## Problem details
In the copy, keep the lines from the first line of the material below through the line containing "#27=LINE('',#26,#25);" exactly as they are, and include no pictures.

## Input for this task
-.-.-
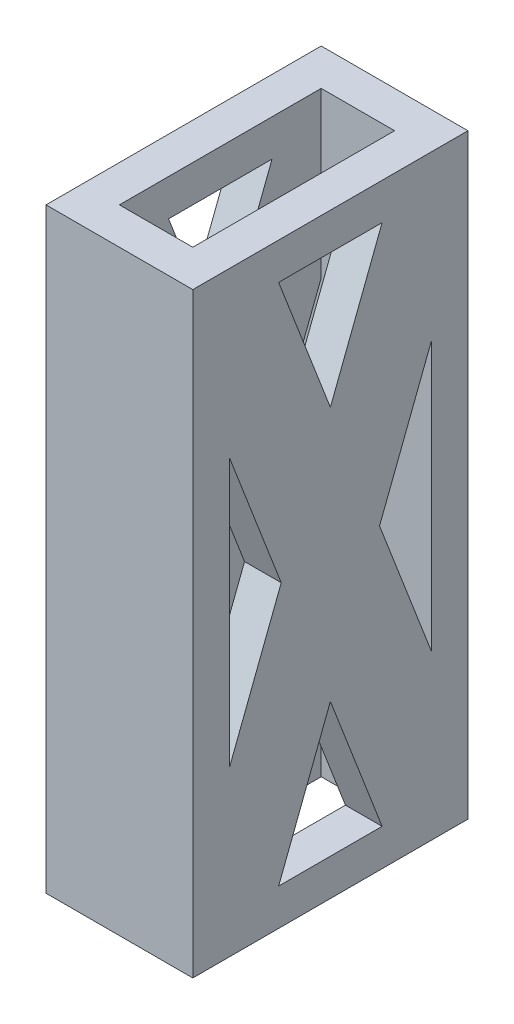
ISO-10303-21;
HEADER;
FILE_DESCRIPTION(('STEP AP214'),'2;1');
FILE_NAME('part.step','',(''),(''),'','','');
FILE_SCHEMA(('AUTOMOTIVE_DESIGN { 1 0 10303 214 1 1 1 1 }'));
ENDSEC;
DATA;
#1=APPLICATION_CONTEXT('core data for automotive mechanical design processes');
#2=APPLICATION_PROTOCOL_DEFINITION('international standard','automotive_design',2000,#1);
#3=PRODUCT_CONTEXT('',#1,'mechanical');
#4=PRODUCT('Part','Part','',(#3));
#5=PRODUCT_RELATED_PRODUCT_CATEGORY('part','',(#4));
#6=PRODUCT_DEFINITION_FORMATION('','',#4);
#7=PRODUCT_DEFINITION_CONTEXT('part definition',#1,'design');
#8=PRODUCT_DEFINITION('design','',#6,#7);
#9=PRODUCT_DEFINITION_SHAPE('','',#8);
#10=(LENGTH_UNIT() NAMED_UNIT(*) SI_UNIT(.MILLI.,.METRE.));
#11=(NAMED_UNIT(*) PLANE_ANGLE_UNIT() SI_UNIT($,.RADIAN.));
#12=(NAMED_UNIT(*) SI_UNIT($,.STERADIAN.) SOLID_ANGLE_UNIT());
#13=UNCERTAINTY_MEASURE_WITH_UNIT(LENGTH_MEASURE(1.E-05),#10,'distance_accuracy_value','');
#14=(GEOMETRIC_REPRESENTATION_CONTEXT(3) GLOBAL_UNCERTAINTY_ASSIGNED_CONTEXT((#13)) GLOBAL_UNIT_ASSIGNED_CONTEXT((#10,
#11,#12)) REPRESENTATION_CONTEXT('',''));
#15=CARTESIAN_POINT('',(0.,0.,0.));
#16=DIRECTION('',(0.,0.,1.));
#17=DIRECTION('',(1.,0.,0.));
#18=AXIS2_PLACEMENT_3D('',#15,#16,#17);
#19=CARTESIAN_POINT('',(0.,32.5,0.));
#20=DIRECTION('',(1.,0.,0.));
#21=DIRECTION('',(0.,0.,-1.));
#22=AXIS2_PLACEMENT_3D('',#19,#20,#21);
#23=PLANE('',#22);
#24=DIRECTION('',(0.,-0.93292313004258,-0.360075594051522));
#25=VECTOR('',#24,1.);
#26=CARTESIAN_POINT('',(0.,-1.31272581877467,3.40115325773436));
#27=LINE('',#26,#25);
#28=CARTESIAN_POINT('',(0.,9.30701346800449,7.5));
#29=VERTEX_POINT('',#28);
#30=CARTESIAN_POINT('',(0.,2.,4.67974918778774));
#31=VERTEX_POINT('',#30);
#32=EDGE_CURVE('E325',#29,#31,#27,.T.);
#33=ORIENTED_EDGE('',*,*,#32,.F.);
#34=DIRECTION('',(0.,-0.93292313004258,0.360075594051522));
#35=VECTOR('',#34,1.);
#36=CARTESIAN_POINT('',(0.,3.72611693504264,9.6540302407923));
#37=LINE('',#36,#35);
#38=CARTESIAN_POINT('',(0.,2.00000000000001,10.3202508122123));
#39=VERTEX_POINT('',#38);
#40=EDGE_CURVE('E336',#29,#39,#37,.T.);
#41=ORIENTED_EDGE('',*,*,#40,.T.);
#42=DIRECTION('',(0.,0.,1.));
#43=VECTOR('',#42,1.);
#44=CARTESIAN_POINT('',(0.,2.,0.));
#45=LINE('',#44,#43);
#46=EDGE_CURVE('E344',#31,#39,#45,.T.);
#47=ORIENTED_EDGE('',*,*,#46,.F.);
#48=EDGE_LOOP('',(#33,#41,#47));
#49=FACE_BOUND('',#48,.T.);
#50=DIRECTION('',(0.,0.,1.));
#51=VECTOR('',#50,1.);
#52=CARTESIAN_POINT('',(0.,0.,0.));
#53=LINE('',#52,#51);
#54=CARTESIAN_POINT('',(0.,0.,0.));
#55=VERTEX_POINT('',#54);
#56=CARTESIAN_POINT('',(0.,0.,15.));
#57=VERTEX_POINT('',#56);
#58=EDGE_CURVE('E557',#55,#57,#53,.T.);
#59=ORIENTED_EDGE('',*,*,#58,.T.);
#60=DIRECTION('',(0.,-1.,0.));
#61=VECTOR('',#60,1.);
#62=CARTESIAN_POINT('',(0.,32.5,15.));
#63=LINE('',#62,#61);
#64=CARTESIAN_POINT('',(0.,32.5,15.));
#65=VERTEX_POINT('',#64);
#66=EDGE_CURVE('E595',#65,#57,#63,.T.);
#67=ORIENTED_EDGE('',*,*,#66,.F.);
#68=DIRECTION('',(0.,0.,1.));
#69=VECTOR('',#68,1.);
#70=CARTESIAN_POINT('',(0.,32.5,0.));
#71=LINE('',#70,#69);
#72=CARTESIAN_POINT('',(0.,32.5,0.));
#73=VERTEX_POINT('',#72);
#74=EDGE_CURVE('E558',#73,#65,#71,.T.);
#75=ORIENTED_EDGE('',*,*,#74,.F.);
#76=DIRECTION('',(0.,-1.,0.));
#77=VECTOR('',#76,1.);
#78=CARTESIAN_POINT('',(0.,32.5,0.));
#79=LINE('',#78,#77);
#80=EDGE_CURVE('E572',#73,#55,#79,.T.);
#81=ORIENTED_EDGE('',*,*,#80,.T.);
#82=EDGE_LOOP('',(#59,#67,#75,#81));
#83=FACE_BOUND('',#82,.T.);
#84=DIRECTION('',(0.,0.,-1.));
#85=VECTOR('',#84,1.);
#86=CARTESIAN_POINT('',(0.,30.5,0.));
#87=LINE('',#86,#85);
#88=CARTESIAN_POINT('',(0.,30.5,10.3202508122123));
#89=VERTEX_POINT('',#88);
#90=CARTESIAN_POINT('',(0.,30.5,4.67974918778774));
#91=VERTEX_POINT('',#90);
#92=EDGE_CURVE('E437',#89,#91,#87,.T.);
#93=ORIENTED_EDGE('',*,*,#92,.F.);
#94=DIRECTION('',(0.,-0.93292313004258,-0.360075594051522));
#95=VECTOR('',#94,1.);
#96=CARTESIAN_POINT('',(0.,0.487652151482941,-1.26346239247853));
#97=LINE('',#96,#95);
#98=CARTESIAN_POINT('',(0.,23.1929865319955,7.5));
#99=VERTEX_POINT('',#98);
#100=EDGE_CURVE('E440',#89,#99,#97,.T.);
#101=ORIENTED_EDGE('',*,*,#100,.T.);
#102=DIRECTION('',(0.,-0.93292313004258,0.360075594051521));
#103=VECTOR('',#102,1.);
#104=CARTESIAN_POINT('',(0.,5.52649490530023,14.3186458910052));
#105=LINE('',#104,#103);
#106=EDGE_CURVE('E445',#91,#99,#105,.T.);
#107=ORIENTED_EDGE('',*,*,#106,.F.);
#108=EDGE_LOOP('',(#93,#101,#107));
#109=FACE_BOUND('',#108,.T.);
#110=DIRECTION('',(0.,-1.,0.));
#111=VECTOR('',#110,1.);
#112=CARTESIAN_POINT('',(0.,0.,2.));
#113=LINE('',#112,#111);
#114=CARTESIAN_POINT('',(0.,23.5570134680045,2.));
#115=VERTEX_POINT('',#114);
#116=CARTESIAN_POINT('',(0.,8.94298653199552,2.));
#117=VERTEX_POINT('',#116);
#118=EDGE_CURVE('E415',#115,#117,#113,.T.);
#119=ORIENTED_EDGE('',*,*,#118,.F.);
#120=DIRECTION('',(0.,-0.93292313004258,0.360075594051522));
#121=VECTOR('',#120,1.);
#122=CARTESIAN_POINT('',(0.,3.72611693504264,9.6540302407923));
#123=LINE('',#122,#121);
#124=CARTESIAN_POINT('',(0.,16.25,4.82025081221226));
#125=VERTEX_POINT('',#124);
#126=EDGE_CURVE('E406',#115,#125,#123,.T.);
#127=ORIENTED_EDGE('',*,*,#126,.T.);
#128=DIRECTION('',(0.,-0.93292313004258,-0.360075594051522));
#129=VECTOR('',#128,1.);
#130=CARTESIAN_POINT('',(0.,0.487652151482943,-1.26346239247854));
#131=LINE('',#130,#129);
#132=EDGE_CURVE('E410',#125,#117,#131,.T.);
#133=ORIENTED_EDGE('',*,*,#132,.T.);
#134=EDGE_LOOP('',(#119,#127,#133));
#135=FACE_BOUND('',#134,.T.);
#136=DIRECTION('',(0.,-0.93292313004258,-0.360075594051522));
#137=VECTOR('',#136,1.);
#138=CARTESIAN_POINT('',(0.,-1.31272581877467,3.40115325773436));
#139=LINE('',#138,#137);
#140=CARTESIAN_POINT('',(0.,23.5570134680045,13.));
#141=VERTEX_POINT('',#140);
#142=CARTESIAN_POINT('',(0.,16.25,10.1797491877877));
#143=VERTEX_POINT('',#142);
#144=EDGE_CURVE('E371',#141,#143,#139,.T.);
#145=ORIENTED_EDGE('',*,*,#144,.F.);
#146=DIRECTION('',(0.,1.,0.));
#147=VECTOR('',#146,1.);
#148=CARTESIAN_POINT('',(0.,0.,13.));
#149=LINE('',#148,#147);
#150=CARTESIAN_POINT('',(0.,8.94298653199546,13.));
#151=VERTEX_POINT('',#150);
#152=EDGE_CURVE('E374',#151,#141,#149,.T.);
#153=ORIENTED_EDGE('',*,*,#152,.F.);
#154=DIRECTION('',(0.,-0.93292313004258,0.360075594051521));
#155=VECTOR('',#154,1.);
#156=CARTESIAN_POINT('',(0.,5.52649490530024,14.3186458910052));
#157=LINE('',#156,#155);
#158=EDGE_CURVE('E378',#143,#151,#157,.T.);
#159=ORIENTED_EDGE('',*,*,#158,.F.);
#160=EDGE_LOOP('',(#145,#153,#159));
#161=FACE_BOUND('',#160,.T.);
#162=ADVANCED_FACE('F111',(#49,#83,#109,#135,#161),#23,.F.);
#163=CARTESIAN_POINT('',(8.,32.5,0.));
#164=DIRECTION('',(-1.,0.,0.));
#165=DIRECTION('',(0.,0.,1.));
#166=AXIS2_PLACEMENT_3D('',#163,#164,#165);
#167=PLANE('',#166);
#168=DIRECTION('',(0.,-0.93292313004258,-0.360075594051522));
#169=VECTOR('',#168,1.);
#170=CARTESIAN_POINT('',(8.,-1.31272581877467,3.40115325773436));
#171=LINE('',#170,#169);
#172=CARTESIAN_POINT('',(8.,9.30701346800449,7.5));
#173=VERTEX_POINT('',#172);
#174=CARTESIAN_POINT('',(8.,2.,4.67974918778774));
#175=VERTEX_POINT('',#174);
#176=EDGE_CURVE('E357',#173,#175,#171,.T.);
#177=ORIENTED_EDGE('',*,*,#176,.T.);
#178=DIRECTION('',(0.,0.,1.));
#179=VECTOR('',#178,1.);
#180=CARTESIAN_POINT('',(8.,2.,0.));
#181=LINE('',#180,#179);
#182=CARTESIAN_POINT('',(8.,2.,10.3202508122123));
#183=VERTEX_POINT('',#182);
#184=EDGE_CURVE('E348',#175,#183,#181,.T.);
#185=ORIENTED_EDGE('',*,*,#184,.T.);
#186=DIRECTION('',(0.,-0.93292313004258,0.360075594051522));
#187=VECTOR('',#186,1.);
#188=CARTESIAN_POINT('',(8.,3.72611693504264,9.6540302407923));
#189=LINE('',#188,#187);
#190=EDGE_CURVE('E352',#173,#183,#189,.T.);
#191=ORIENTED_EDGE('',*,*,#190,.F.);
#192=EDGE_LOOP('',(#177,#185,#191));
#193=FACE_BOUND('',#192,.T.);
#194=DIRECTION('',(0.,0.,-1.));
#195=VECTOR('',#194,1.);
#196=CARTESIAN_POINT('',(8.,0.,0.));
#197=LINE('',#196,#195);
#198=CARTESIAN_POINT('',(8.,0.,15.));
#199=VERTEX_POINT('',#198);
#200=CARTESIAN_POINT('',(8.,0.,0.));
#201=VERTEX_POINT('',#200);
#202=EDGE_CURVE('E579',#199,#201,#197,.T.);
#203=ORIENTED_EDGE('',*,*,#202,.T.);
#204=DIRECTION('',(0.,-1.,0.));
#205=VECTOR('',#204,1.);
#206=CARTESIAN_POINT('',(8.,32.5,0.));
#207=LINE('',#206,#205);
#208=CARTESIAN_POINT('',(8.,32.5,0.));
#209=VERTEX_POINT('',#208);
#210=EDGE_CURVE('E587',#209,#201,#207,.T.);
#211=ORIENTED_EDGE('',*,*,#210,.F.);
#212=DIRECTION('',(0.,0.,-1.));
#213=VECTOR('',#212,1.);
#214=CARTESIAN_POINT('',(8.,32.5,0.));
#215=LINE('',#214,#213);
#216=CARTESIAN_POINT('',(8.,32.5,15.));
#217=VERTEX_POINT('',#216);
#218=EDGE_CURVE('E566',#217,#209,#215,.T.);
#219=ORIENTED_EDGE('',*,*,#218,.F.);
#220=DIRECTION('',(0.,-1.,0.));
#221=VECTOR('',#220,1.);
#222=CARTESIAN_POINT('',(8.,32.5,15.));
#223=LINE('',#222,#221);
#224=EDGE_CURVE('E591',#217,#199,#223,.T.);
#225=ORIENTED_EDGE('',*,*,#224,.T.);
#226=EDGE_LOOP('',(#203,#211,#219,#225));
#227=FACE_BOUND('',#226,.T.);
#228=DIRECTION('',(0.,0.,-1.));
#229=VECTOR('',#228,1.);
#230=CARTESIAN_POINT('',(8.,30.5,0.));
#231=LINE('',#230,#229);
#232=CARTESIAN_POINT('',(8.,30.5,10.3202508122123));
#233=VERTEX_POINT('',#232);
#234=CARTESIAN_POINT('',(8.,30.5,4.67974918778774));
#235=VERTEX_POINT('',#234);
#236=EDGE_CURVE('E398',#233,#235,#231,.T.);
#237=ORIENTED_EDGE('',*,*,#236,.T.);
#238=DIRECTION('',(0.,-0.93292313004258,0.360075594051521));
#239=VECTOR('',#238,1.);
#240=CARTESIAN_POINT('',(8.,5.52649490530023,14.3186458910052));
#241=LINE('',#240,#239);
#242=CARTESIAN_POINT('',(8.,23.1929865319955,7.5));
#243=VERTEX_POINT('',#242);
#244=EDGE_CURVE('E441',#235,#243,#241,.T.);
#245=ORIENTED_EDGE('',*,*,#244,.T.);
#246=DIRECTION('',(0.,-0.93292313004258,-0.360075594051522));
#247=VECTOR('',#246,1.);
#248=CARTESIAN_POINT('',(8.,0.487652151482941,-1.26346239247853));
#249=LINE('',#248,#247);
#250=EDGE_CURVE('E453',#233,#243,#249,.T.);
#251=ORIENTED_EDGE('',*,*,#250,.F.);
#252=EDGE_LOOP('',(#237,#245,#251));
#253=FACE_BOUND('',#252,.T.);
#254=DIRECTION('',(0.,-0.93292313004258,-0.360075594051522));
#255=VECTOR('',#254,1.);
#256=CARTESIAN_POINT('',(8.,0.487652151482943,-1.26346239247854));
#257=LINE('',#256,#255);
#258=CARTESIAN_POINT('',(8.,16.25,4.82025081221226));
#259=VERTEX_POINT('',#258);
#260=CARTESIAN_POINT('',(8.,8.94298653199552,2.));
#261=VERTEX_POINT('',#260);
#262=EDGE_CURVE('E421',#259,#261,#257,.T.);
#263=ORIENTED_EDGE('',*,*,#262,.F.);
#264=DIRECTION('',(0.,-0.93292313004258,0.360075594051522));
#265=VECTOR('',#264,1.);
#266=CARTESIAN_POINT('',(8.,3.72611693504264,9.6540302407923));
#267=LINE('',#266,#265);
#268=CARTESIAN_POINT('',(8.,23.5570134680045,2.));
#269=VERTEX_POINT('',#268);
#270=EDGE_CURVE('E367',#269,#259,#267,.T.);
#271=ORIENTED_EDGE('',*,*,#270,.F.);
#272=DIRECTION('',(0.,-1.,0.));
#273=VECTOR('',#272,1.);
#274=CARTESIAN_POINT('',(8.,0.,2.));
#275=LINE('',#274,#273);
#276=EDGE_CURVE('E411',#269,#261,#275,.T.);
#277=ORIENTED_EDGE('',*,*,#276,.T.);
#278=EDGE_LOOP('',(#263,#271,#277));
#279=FACE_BOUND('',#278,.T.);
#280=DIRECTION('',(0.,-0.93292313004258,-0.360075594051522));
#281=VECTOR('',#280,1.);
#282=CARTESIAN_POINT('',(8.,-1.31272581877467,3.40115325773436));
#283=LINE('',#282,#281);
#284=CARTESIAN_POINT('',(8.,23.5570134680045,13.));
#285=VERTEX_POINT('',#284);
#286=CARTESIAN_POINT('',(8.,16.25,10.1797491877877));
#287=VERTEX_POINT('',#286);
#288=EDGE_CURVE('E382',#285,#287,#283,.T.);
#289=ORIENTED_EDGE('',*,*,#288,.T.);
#290=DIRECTION('',(0.,-0.93292313004258,0.360075594051521));
#291=VECTOR('',#290,1.);
#292=CARTESIAN_POINT('',(8.,5.52649490530024,14.3186458910052));
#293=LINE('',#292,#291);
#294=CARTESIAN_POINT('',(8.,8.94298653199546,13.));
#295=VERTEX_POINT('',#294);
#296=EDGE_CURVE('E375',#287,#295,#293,.T.);
#297=ORIENTED_EDGE('',*,*,#296,.T.);
#298=DIRECTION('',(0.,1.,0.));
#299=VECTOR('',#298,1.);
#300=CARTESIAN_POINT('',(8.,0.,13.));
#301=LINE('',#300,#299);
#302=EDGE_CURVE('E386',#295,#285,#301,.T.);
#303=ORIENTED_EDGE('',*,*,#302,.T.);
#304=EDGE_LOOP('',(#289,#297,#303));
#305=FACE_BOUND('',#304,.T.);
#306=ADVANCED_FACE('F658',(#193,#227,#253,#279,#305),#167,.F.);
#307=CARTESIAN_POINT('',(2.,32.5,2.));
#308=DIRECTION('',(1.,0.,0.));
#309=DIRECTION('',(0.,0.,-1.));
#310=AXIS2_PLACEMENT_3D('',#307,#308,#309);
#311=PLANE('',#310);
#312=DIRECTION('',(0.,-0.93292313004258,-0.360075594051522));
#313=VECTOR('',#312,1.);
#314=CARTESIAN_POINT('',(2.,29.4457287654663,9.91333910765541));
#315=LINE('',#314,#313);
#316=CARTESIAN_POINT('',(2.,30.5,10.3202508122123));
#317=VERTEX_POINT('',#316);
#318=CARTESIAN_POINT('',(2.,23.1929865319955,7.5));
#319=VERTEX_POINT('',#318);
#320=EDGE_CURVE('E464',#317,#319,#315,.T.);
#321=ORIENTED_EDGE('',*,*,#320,.F.);
#322=DIRECTION('',(0.,0.,-1.));
#323=VECTOR('',#322,1.);
#324=CARTESIAN_POINT('',(2.,30.5,2.));
#325=LINE('',#324,#323);
#326=CARTESIAN_POINT('',(2.,30.5,4.67974918778774));
#327=VERTEX_POINT('',#326);
#328=EDGE_CURVE('E480',#317,#327,#325,.T.);
#329=ORIENTED_EDGE('',*,*,#328,.T.);
#330=DIRECTION('',(0.,-0.93292313004258,0.360075594051521));
#331=VECTOR('',#330,1.);
#332=CARTESIAN_POINT('',(2.,33.1408801182657,3.66046212459748));
#333=LINE('',#332,#331);
#334=EDGE_CURVE('E476',#327,#319,#333,.T.);
#335=ORIENTED_EDGE('',*,*,#334,.T.);
#336=EDGE_LOOP('',(#321,#329,#335));
#337=FACE_BOUND('',#336,.T.);
#338=DIRECTION('',(0.,-0.93292313004258,0.360075594051522));
#339=VECTOR('',#338,1.);
#340=CARTESIAN_POINT('',(2.,31.3405021480081,-1.00415352561542));
#341=LINE('',#340,#339);
#342=CARTESIAN_POINT('',(2.,9.30701346800449,7.5));
#343=VERTEX_POINT('',#342);
#344=CARTESIAN_POINT('',(2.,2.,10.3202508122123));
#345=VERTEX_POINT('',#344);
#346=EDGE_CURVE('E484',#343,#345,#341,.T.);
#347=ORIENTED_EDGE('',*,*,#346,.F.);
#348=DIRECTION('',(0.,-0.93292313004258,-0.360075594051522));
#349=VECTOR('',#348,1.);
#350=CARTESIAN_POINT('',(2.,27.6453507952087,14.5779547578683));
#351=LINE('',#350,#349);
#352=CARTESIAN_POINT('',(2.,2.,4.67974918778774));
#353=VERTEX_POINT('',#352);
#354=EDGE_CURVE('E328',#343,#353,#351,.T.);
#355=ORIENTED_EDGE('',*,*,#354,.T.);
#356=DIRECTION('',(0.,0.,1.));
#357=VECTOR('',#356,1.);
#358=CARTESIAN_POINT('',(2.,2.,1.99999999999999));
#359=LINE('',#358,#357);
#360=EDGE_CURVE('E487',#353,#345,#359,.T.);
#361=ORIENTED_EDGE('',*,*,#360,.T.);
#362=EDGE_LOOP('',(#347,#355,#361));
#363=FACE_BOUND('',#362,.T.);
#364=DIRECTION('',(0.,-1.,0.));
#365=VECTOR('',#364,1.);
#366=CARTESIAN_POINT('',(2.,32.5,13.));
#367=LINE('',#366,#365);
#368=CARTESIAN_POINT('',(2.,32.5,13.));
#369=VERTEX_POINT('',#368);
#370=CARTESIAN_POINT('',(2.,23.5570134680045,13.));
#371=VERTEX_POINT('',#370);
#372=EDGE_CURVE('E548',#369,#371,#367,.T.);
#373=ORIENTED_EDGE('',*,*,#372,.T.);
#374=DIRECTION('',(0.,-0.93292313004258,-0.360075594051522));
#375=VECTOR('',#374,1.);
#376=CARTESIAN_POINT('',(2.,27.6453507952087,14.5779547578683));
#377=LINE('',#376,#375);
#378=CARTESIAN_POINT('',(2.,16.25,10.1797491877877));
#379=VERTEX_POINT('',#378);
#380=EDGE_CURVE('E504',#371,#379,#377,.T.);
#381=ORIENTED_EDGE('',*,*,#380,.T.);
#382=DIRECTION('',(0.,-0.93292313004258,0.360075594051521));
#383=VECTOR('',#382,1.);
#384=CARTESIAN_POINT('',(2.,33.1408801182657,3.66046212459748));
#385=LINE('',#384,#383);
#386=CARTESIAN_POINT('',(2.,8.94298653199546,13.));
#387=VERTEX_POINT('',#386);
#388=EDGE_CURVE('E500',#379,#387,#385,.T.);
#389=ORIENTED_EDGE('',*,*,#388,.T.);
#390=CARTESIAN_POINT('',(2.,0.,13.));
#391=VERTEX_POINT('',#390);
#392=EDGE_CURVE('E547',#387,#391,#367,.T.);
#393=ORIENTED_EDGE('',*,*,#392,.T.);
#394=DIRECTION('',(0.,0.,1.));
#395=VECTOR('',#394,1.);
#396=CARTESIAN_POINT('',(2.,0.,2.));
#397=LINE('',#396,#395);
#398=CARTESIAN_POINT('',(2.,0.,2.));
#399=VERTEX_POINT('',#398);
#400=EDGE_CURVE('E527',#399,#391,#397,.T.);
-.-.-
## Response area
ISO-10303-21;
HEADER;
FILE_DESCRIPTION(('STEP AP214'),'2;1');
FILE_NAME('part.step','',(''),(''),'','','');
FILE_SCHEMA(('AUTOMOTIVE_DESIGN { 1 0 10303 214 1 1 1 1 }'));
ENDSEC;
DATA;
#1=APPLICATION_CONTEXT('core data for automotive mechanical design processes');
#2=APPLICATION_PROTOCOL_DEFINITION('international standard','automotive_design',2000,#1);
#3=PRODUCT_CONTEXT('',#1,'mechanical');
#4=PRODUCT('Part','Part','',(#3));
#5=PRODUCT_RELATED_PRODUCT_CATEGORY('part','',(#4));
#6=PRODUCT_DEFINITION_FORMATION('','',#4);
#7=PRODUCT_DEFINITION_CONTEXT('part definition',#1,'design');
#8=PRODUCT_DEFINITION('design','',#6,#7);
#9=PRODUCT_DEFINITION_SHAPE('','',#8);
#10=(LENGTH_UNIT() NAMED_UNIT(*) SI_UNIT(.MILLI.,.METRE.));
#11=(NAMED_UNIT(*) PLANE_ANGLE_UNIT() SI_UNIT($,.RADIAN.));
#12=(NAMED_UNIT(*) SI_UNIT($,.STERADIAN.) SOLID_ANGLE_UNIT());
#13=UNCERTAINTY_MEASURE_WITH_UNIT(LENGTH_MEASURE(1.E-05),#10,'distance_accuracy_value','');
#14=(GEOMETRIC_REPRESENTATION_CONTEXT(3) GLOBAL_UNCERTAINTY_ASSIGNED_CONTEXT((#13)) GLOBAL_UNIT_ASSIGNED_CONTEXT((#10,
#11,#12)) REPRESENTATION_CONTEXT('',''));
#15=CARTESIAN_POINT('',(0.,0.,0.));
#16=DIRECTION('',(0.,0.,1.));
#17=DIRECTION('',(1.,0.,0.));
#18=AXIS2_PLACEMENT_3D('',#15,#16,#17);
#19=CARTESIAN_POINT('',(0.,32.5,0.));
#20=DIRECTION('',(1.,0.,0.));
#21=DIRECTION('',(0.,0.,-1.));
#22=AXIS2_PLACEMENT_3D('',#19,#20,#21);
#23=PLANE('',#22);
#24=DIRECTION('',(0.,-0.93292313004258,-0.360075594051522));
#25=VECTOR('',#24,1.);
#26=CARTESIAN_POINT('',(0.,-1.31272581877467,3.40115325773436));
#27=LINE('',#26,#25);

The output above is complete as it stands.